I have more to say about that but I'm exhausted. Will get back to it later.

*pun intended.


Saying there are ideas like that "bedrock" to America is exactly American exceptionalism. You don't give it exactly that name and rhetoric, but by claiming there's something essentially American that sets us apart, some key principle that made us unique, is American exceptionalism. I do think America has some good ideas in it's founding documents, some superb ones, but they're not essentially ours.
2018-02-11, 9:40 PM #7199
Honestly though, it's probably half just a decay of journalistic standards and open journalistic practices. Journalism ****ing sucks today. Really bad. We need a more open, democratic press, so that we don't have to suffer through the awful writings and banal crap of everybody at NYT, WaPo, or Vox, who give way too much edge to reactionary bull**** or toxic neoliberal multicultural inequality.
2018-02-11, 9:49 PM #7200
Also, the Pioneer Fund, which funded Charles Murray's work, was founded by a guy who's ideas about race were taken in by the actual, literal Nazis and used as a basis for the Nuremburg Laws.

Like, this isn't just some minorly racist, haha wow you told a bad joke racism.
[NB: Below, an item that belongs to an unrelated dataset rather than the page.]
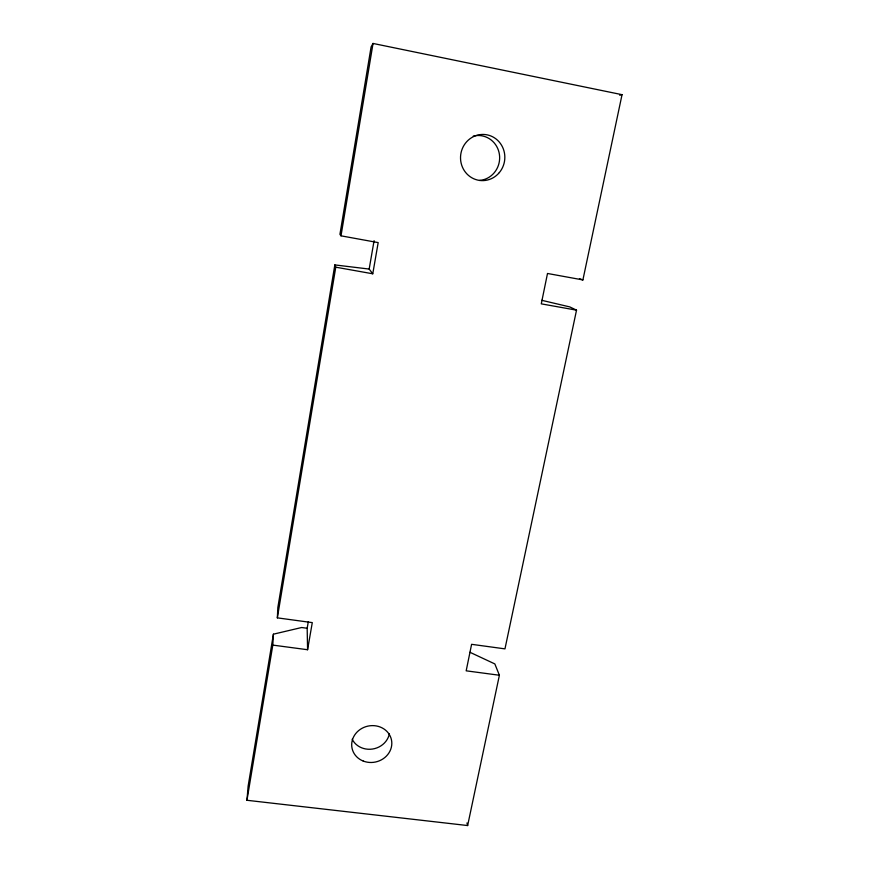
<?xml version="1.0" encoding="UTF-8"?>
<svg xmlns="http://www.w3.org/2000/svg" width="869" height="869" viewBox="0 0 869 869"><rect width="100%" height="100%" fill="white"/><g stroke="black" fill="none" stroke-linecap="round" stroke-linejoin="round"><path stroke-width="1.3" d="M307.583 649.73L312.286 622.617L277.352 617.859L277.841 607.518L334.837 264.915L369.173 269.064L372.768 273.789L378.178 242.603L340.996 235.825L339.931 234.337L371.106 46.893L373.04 43.45L622.041 94.678L582.903 279.927L547.503 273.474L541.278 303.857L576.527 310.157L504.965 648.871L471.595 644.32L466.175 670.825L499.393 675.246L467.641 825.55L246.959 800.284L248.121 786.173L273.409 634.185L301.662 627.516L307.17 628.265L307.583 649.73L272.812 645.102L273.409 634.185M246.959 800.284L272.812 645.102M277.352 617.859L335.771 267.185L334.837 264.915M340.996 235.825L373.04 43.45M307.17 628.265L308.289 621.769M369.173 269.064L374.083 240.67M619.716 95.264L622.041 94.678M335.771 267.185L372.768 273.789M541.745 300.305L569.782 306.909L576.527 310.157M579.438 278.667L582.903 279.927M469.944 652.282L494.841 663.927L499.393 675.246M466.968 822.943L467.641 825.55M473.247 136.107A22.529 21.595 -83.3 0 1 499.425 154.497A22.529 21.595 -83.3 0 1 479.547 180.448M389.399 733.675A19.694 17.977 -12.8 0 1 372.475 749.045A19.694 17.977 -12.8 0 1 352.184 739.226M499.327 172.594A23.115 22.149 -82.8 0 0 487.031 134.836A23.115 22.149 -82.8 0 0 461.689 165.164A23.115 22.149 -82.8 0 0 499.327 172.594M363.22 761.048A20.15 18.347 -12.9 0 0 391.745 741.735A20.15 18.347 -12.9 0 0 360.287 729.363A20.15 18.347 -12.9 0 0 363.22 761.048"/></g></svg>
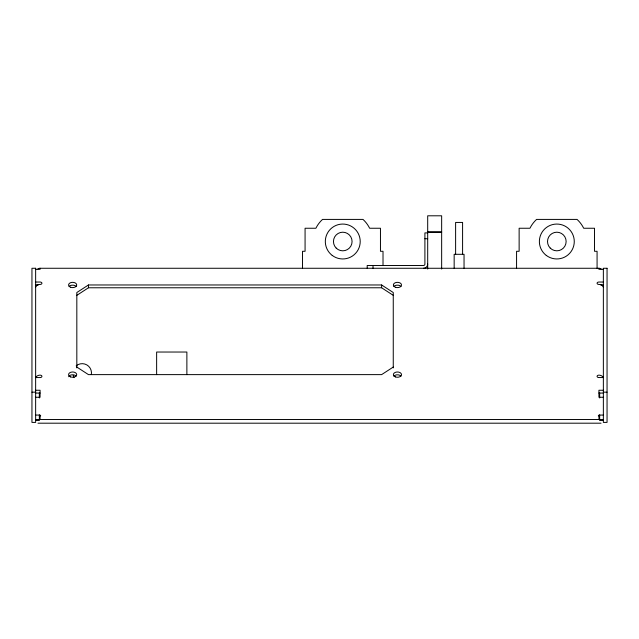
<?xml version="1.0" encoding="UTF-8"?>
<svg xmlns="http://www.w3.org/2000/svg" width="639" height="639" viewBox="0 0 639 639"><rect width="100%" height="100%" fill="white"/><g stroke="black" fill="none" stroke-linecap="round" stroke-linejoin="round"><path stroke-width="0.96" d="M393.257 367.88L393.257 292.526L381.619 284.97L88.462 284.97L76.824 292.526L76.824 367.88M76.824 295.338L88.462 287.774L381.619 287.774L393.257 295.338M393.257 367.058L381.619 374.622L88.462 374.622L76.824 367.058M427.691 231.973L441.653 231.989M427.691 232.173L441.653 232.173M427.691 232.9L424.903 232.9L424.903 264.083A1.398 1.398 0 0 1 423.505 265.481L367.193 265.481L367.193 268.268M424.903 238.722L427.691 238.722M37.861 268.859A4.433 4.433 0 0 1 40.073 268.268L598.927 268.268A4.433 4.433 0 0 1 601.139 268.859M35.64 269.331L40.073 269.331L40.073 268.268M603.36 269.331L598.927 269.331L598.927 268.268M35.64 282.039L40.073 282.039A1.845 1.198 0 0 1 41.926 283.237A1.845 1.198 0 0 1 40.073 284.435A4.433 3.371 0 0 0 35.792 286.935M603.36 282.039L598.927 282.039A1.845 1.198 0 0 0 597.074 283.237A1.845 1.198 0 0 0 598.927 284.435A4.433 3.371 0 0 1 603.208 286.935M35.64 284.85L38.3 284.85M600.7 284.85L603.36 284.85M35.64 377.553L40.073 377.553A1.845 1.198 0 0 0 41.926 376.347A1.845 1.198 0 0 0 40.073 375.149A4.433 3.371 0 0 0 35.792 377.649M603.36 377.553L598.927 377.553A1.845 1.198 0 0 1 597.074 376.347A1.845 1.198 0 0 1 598.927 375.149A4.433 3.371 0 0 1 603.208 377.649M35.64 390.253L40.073 390.253L40.073 397.258L35.64 397.258M603.36 390.253L598.927 390.253L598.927 397.258L603.36 397.258M31.95 392.162L35.64 392.162M603.36 392.162L607.05 392.162M35.64 393.065L40.073 393.065M598.927 393.065L603.36 393.065M35.64 415.07L40.073 415.07L40.073 419.504L598.983 419.504L598.927 415.07L603.36 415.07M40.073 415.813L40.696 415.813M598.304 415.813L598.927 415.813M35.64 419.504L39.338 419.504M599.662 419.504L603.36 419.504M35.64 420.526L39.338 420.526L39.338 414.847M603.36 420.526L599.662 420.526L599.662 414.847M37.973 423.194L601.027 423.194M599.662 392.833L599.662 397.977M597.074 268.268L597.074 251.287L594.518 251.287L594.518 228.251L583.695 228.251A29.969 29.969 0 0 0 577.057 219.409L536.584 219.409A29.969 29.969 0 0 0 529.947 228.251L519.132 228.251L519.132 251.287L516.568 251.287L516.568 268.268M464.042 268.268L464.042 254.306L454.161 254.306L454.161 268.268M462.588 254.306L462.588 222.436L455.615 222.436L455.615 254.306M441.653 269.051L441.653 215.798L427.691 215.798L427.691 269.051M383.017 265.441L383.017 251.287L380.461 251.287L380.461 228.251L369.638 228.251A29.969 29.969 0 0 0 363 219.409L322.527 219.409A29.969 29.969 0 0 0 315.89 228.251L305.075 228.251L305.075 251.287L302.519 251.287L302.519 268.268M381.619 284.97L381.619 287.774M373.016 265.481L373.016 268.268M186.876 374.622L186.876 352.033L156.635 352.033L156.635 374.622M88.462 284.97L88.462 287.774M39.338 392.833L39.338 397.977M76.193 365.843A9.305 9.305 0 0 1 91.345 374.59M74.116 377.625A9.305 9.305 0 0 1 73.189 375.381M393.92 286.456A4.074 2.644 0 0 1 400.972 286.456M69.108 286.456A4.074 2.644 0 0 1 76.161 286.456M393.92 376.107A4.074 2.644 0 0 1 400.972 376.107M68.708 376.746A4.074 2.644 0 0 1 72.103 374.805A4.074 2.644 0 0 1 76.161 376.107M427.691 264.083A4.185 4.185 0 0 1 423.505 268.268M35.64 268.268L31.95 268.268L31.95 422.411L35.64 422.411L35.64 268.268M607.05 268.268L603.36 268.268L603.36 422.411L607.05 422.411L607.05 268.268M395.405 287.262A4.074 2.644 0 0 0 401.516 284.97A4.074 2.644 0 0 0 395.405 282.678A4.074 2.644 0 0 0 395.405 287.262M70.602 287.262A4.074 2.644 0 0 0 76.712 284.97A4.074 2.644 0 0 0 70.602 282.678A4.074 2.644 0 0 0 70.602 287.262M395.405 376.914A4.074 2.644 0 0 0 401.516 374.622A4.074 2.644 0 0 0 395.405 372.329A4.074 2.644 0 0 0 395.405 376.914M70.602 376.914A4.074 2.644 0 0 0 76.712 374.622A4.074 2.644 0 0 0 70.602 372.329A4.074 2.644 0 0 0 70.602 376.914M546.273 255.408A17.453 17.453 0 0 0 574.134 243.699A17.453 17.453 0 0 0 550.059 225.423A17.453 17.453 0 0 0 546.273 255.408M550.243 248.092A9.305 9.305 0 0 0 565.811 243.922A9.305 9.305 0 0 0 554.412 232.524A9.305 9.305 0 0 0 550.243 248.092M332.216 255.408A17.453 17.453 0 0 0 360.077 243.699A17.453 17.453 0 0 0 336.002 225.423A17.453 17.453 0 0 0 332.216 255.408M336.186 248.092A9.305 9.305 0 0 0 351.754 243.922A9.305 9.305 0 0 0 340.355 232.524A9.305 9.305 0 0 0 336.186 248.092"/></g></svg>

The Pioneer Fund and people involved are an extremely devious, pernicious group of dedicated racists with a legacy as dark as it gets.

The fact that Charles Murray has been interviewed by Sam Harris, his ideas used by Jordan Peterson and frequently cited by alt-right figures, and has gained more legitimacy, should be concerning.

Read the WaPo article:

https://www.washingtonpost.com/news/grade-point/wp/2017/09/06/some-harvard-students-protest-charles-murray-speech/?utm_term=.20da31c4588b

Quote:
Protesters greeted author and libertarian scholar Charles Murray at Harvard College on Wednesday evening, objecting that he should not be allowed to speak on campus because they believe he is racist.


No, any person with their head screwed on right, who can cite sources and read (putting them leagues beyond ****ty WaPo reporting), knows he is racist. I mean, maybe they just didn't say it out of fear of a libel suit, but Christ, why should the focus be what the students think without calling out who that man really is? Instead of "believes", say "is".